Before, I answer that question, I need to explain something. The Iraq war is not a 21st Century War in any way, shape or form. For starters, in a typical US Foreign Policy move, no official declaration of War was made. In fact the United States has only officially been at war four times, the War of 181, the Spanish-American War, and both World Wars. All other times they have taken “Police Actions” or other vague terms which mean that they are not as inclined to follow the rules of war.
Secondly, and most importantly, this is plain and simply a 20th Century War. The comparisons between this Iraq War and the Vietnam War have been made time and time again. There was no real mission, no clear objective, facts were distorted or ignored to sway public opinion, they were both largely unpopular, really I could go on, but that would be a topic for another post, hopefully you get the point.

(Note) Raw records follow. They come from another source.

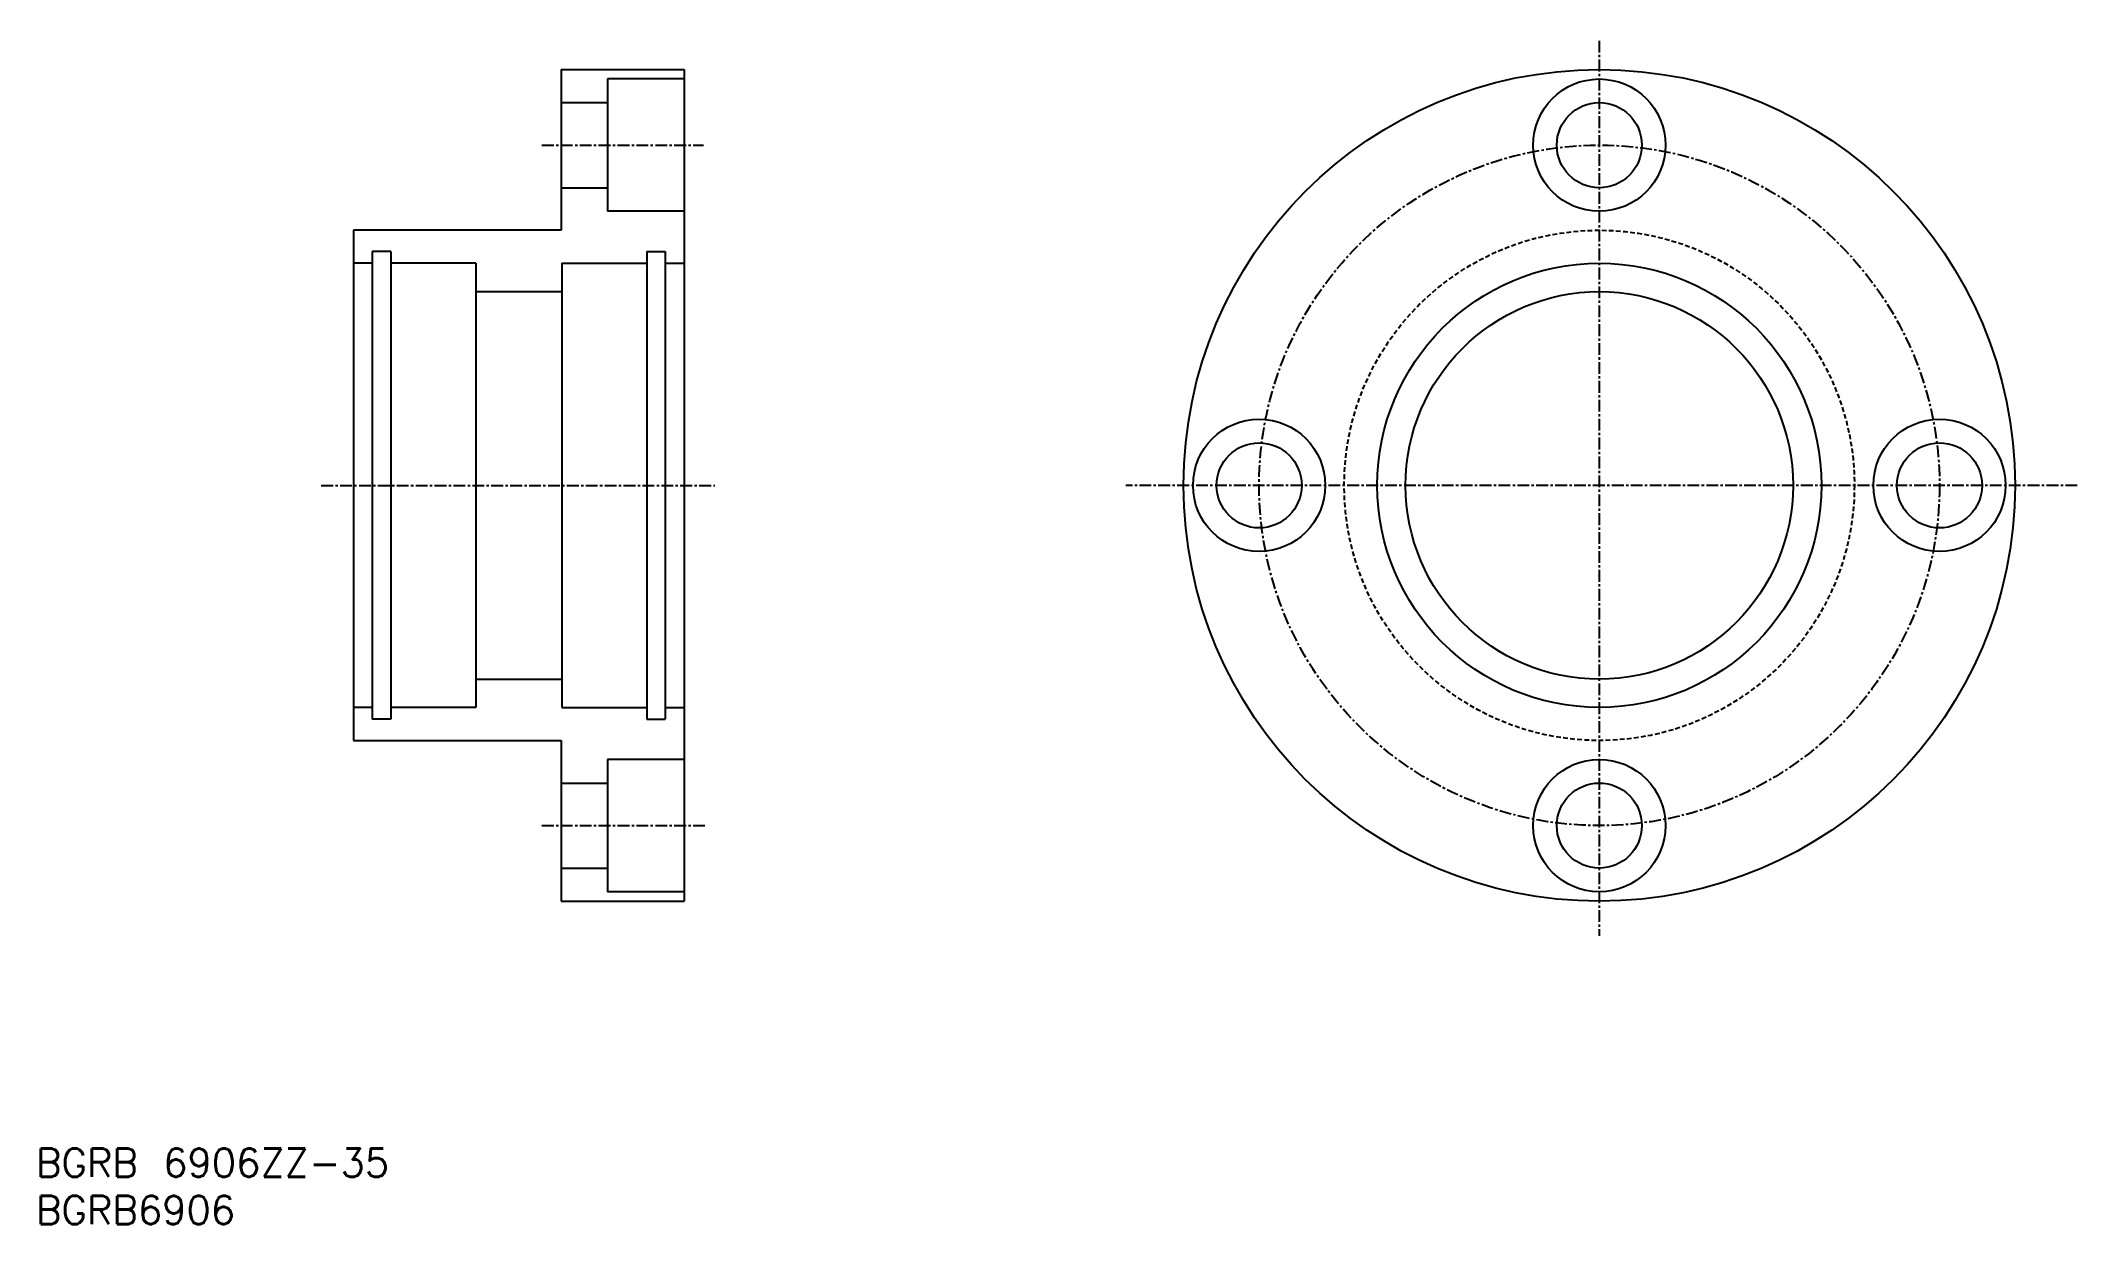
# Model space of a CAD drawing. Extents: x 45 to 261, y 37 to 163.
import ezdxf
from ezdxf.enums import TextEntityAlignment as Align

# ---------------------------------------------------------------- set-up
doc = ezdxf.new("R2010")
doc.units = 0
doc.linetypes.add('CENTER', pattern=[2, 1.25, -0.25, 0.25, -0.25])
doc.linetypes.add('DASHED', pattern=[0.75, 0.5, -0.25])
doc.layers.get('0').update_dxf_attribs({"linetype": 'CONTINUOUS'})
doc.layers.add('CENTER', color=1, linetype='CENTER')
doc.styles.get("Standard").update_dxf_attribs({"font": 'txt.shx', "bigfont": 'extfont.shx'})

msp = doc.modelspace()

# ---------------------------------------------------------------- linework, layer by layer
at = {"color": 7, "linetype": 'CONTINUOUS'}
for p, q in [((100.38, 159.48), (113.38, 159.48)), ((100.38, 159.48), (100.38, 142.48)), ((113.38, 158.48), (105.28, 158.48)), ((105.28, 158.48), (105.28, 144.48)), ((113.38, 159.48), (113.38, 71.48)), ((100.38, 155.98), (105.28, 155.98)), ((100.38, 146.98), (105.28, 146.98)), ((113.38, 144.48), (105.28, 144.48)), ((78.38, 142.48), (78.38, 88.48)), ((100.38, 142.48), (78.38, 142.48)), ((80.38, 140.23), (80.38, 90.73)), ((82.33, 140.23), (80.38, 140.23)), ((82.33, 140.23), (82.33, 90.73)), ((109.43, 140.23), (109.43, 90.73)), ((109.43, 140.23), (111.38, 140.23)), ((111.38, 140.23), (111.38, 90.73)), ((80.38, 138.98), (78.38, 138.98)), ((91.33, 138.98), (82.33, 138.98)), ((91.33, 138.98), (91.33, 91.98)), ((100.43, 138.98), (100.43, 91.98)), ((100.43, 138.98), (109.43, 138.98)), ((111.38, 138.98), (113.38, 138.98)), ((91.33, 135.98), (100.43, 135.98)), ((91.33, 94.98), (100.43, 94.98)), ((80.38, 91.98), (78.38, 91.98)), ((82.33, 90.73), (80.38, 90.73)), ((91.33, 91.98), (82.33, 91.98)), ((100.43, 91.98), (109.43, 91.98)), ((109.43, 90.73), (111.38, 90.73)), ((111.38, 91.98), (113.38, 91.98)), ((78.38, 88.48), (100.38, 88.48)), ((100.38, 88.48), (100.38, 71.48)), ((113.38, 86.48), (105.28, 86.48)), ((105.28, 86.48), (105.28, 72.48)), ((100.38, 83.98), (105.28, 83.98)), ((100.38, 74.98), (105.28, 74.98)), ((100.38, 71.48), (113.38, 71.48)), ((113.38, 72.48), (105.28, 72.48))]:
    msp.add_line(p, q, dxfattribs=at)
for centre, radius in [((210.24, 115.48), 44), ((210.24, 151.48), 7), ((210.24, 151.48), 4.5), ((210.24, 115.48), 23.5), ((210.24, 115.48), 20.5), ((174.24, 115.48), 7), ((246.24, 115.48), 7), ((174.24, 115.48), 4.5), ((246.24, 115.48), 4.5), ((210.24, 79.48), 7), ((210.24, 79.48), 4.5)]:
    msp.add_circle(centre, radius, dxfattribs=at)
at = {"color": 3, "linetype": 'DASHED'}
msp.add_circle((210.24, 115.48), 27, dxfattribs=at)
at = {"layer": 'CENTER', "color": 1, "linetype": 'CENTER'}
for p, q in [((210.24, 162.53), (210.24, 67.82)), ((98.34, 151.48), (115.43, 151.48)), ((74.98, 115.48), (116.65, 115.48)), ((260.82, 115.48), (160.14, 115.48)), ((98.34, 79.48), (115.73, 79.48))]:
    msp.add_line(p, q, dxfattribs=at)
msp.add_circle((210.24, 115.48), 36, dxfattribs=at)

# ---------------------------------------------------------------- texts
at = {"color": 7, "linetype": 'CONTINUOUS'}
for s, p in [('BGRB 6906ZZ-35', (44.78, 43.8)), ('BGRB6906', (44.78, 38.8))]:
    msp.add_text(s, height=3, dxfattribs=at).set_placement(p, align=Align.MIDDLE_LEFT)

doc.saveas('drawing.dxf')

The “Good Guys Coming to the Rescue” Model which seemed to work in both World Wars and in Korea, failed in Vietnam, and seemed to be a success in the first Iraq War, has failed miserably this time around. The Bush Administration has been using the 20th Century narrative of Us vs. Them, Good vs. Evil, and Freedom vs. Tyranny, to confront a 21st Century Problem.
While this model may have worked very well before, there is something very important that has changed, the access to information. One of the simple reasons that Vietnam failed, was because of Walter Cronkite and the evening news. The harsh realities of the war were broadcast directly to Americans so they became much more open to the realities of the time, and subsequently rejected the notions of the establishment at the time.
Fast forward to 1991 and the next American “War”, this time in Iraq. By this point, the establishment had learned how to use the television in their favour and not against them, and were able to twist their message around and ensure that people saw what they wanted to see, and low and behold, we have a popular American war in the name of “Freedom” (i.e. oil).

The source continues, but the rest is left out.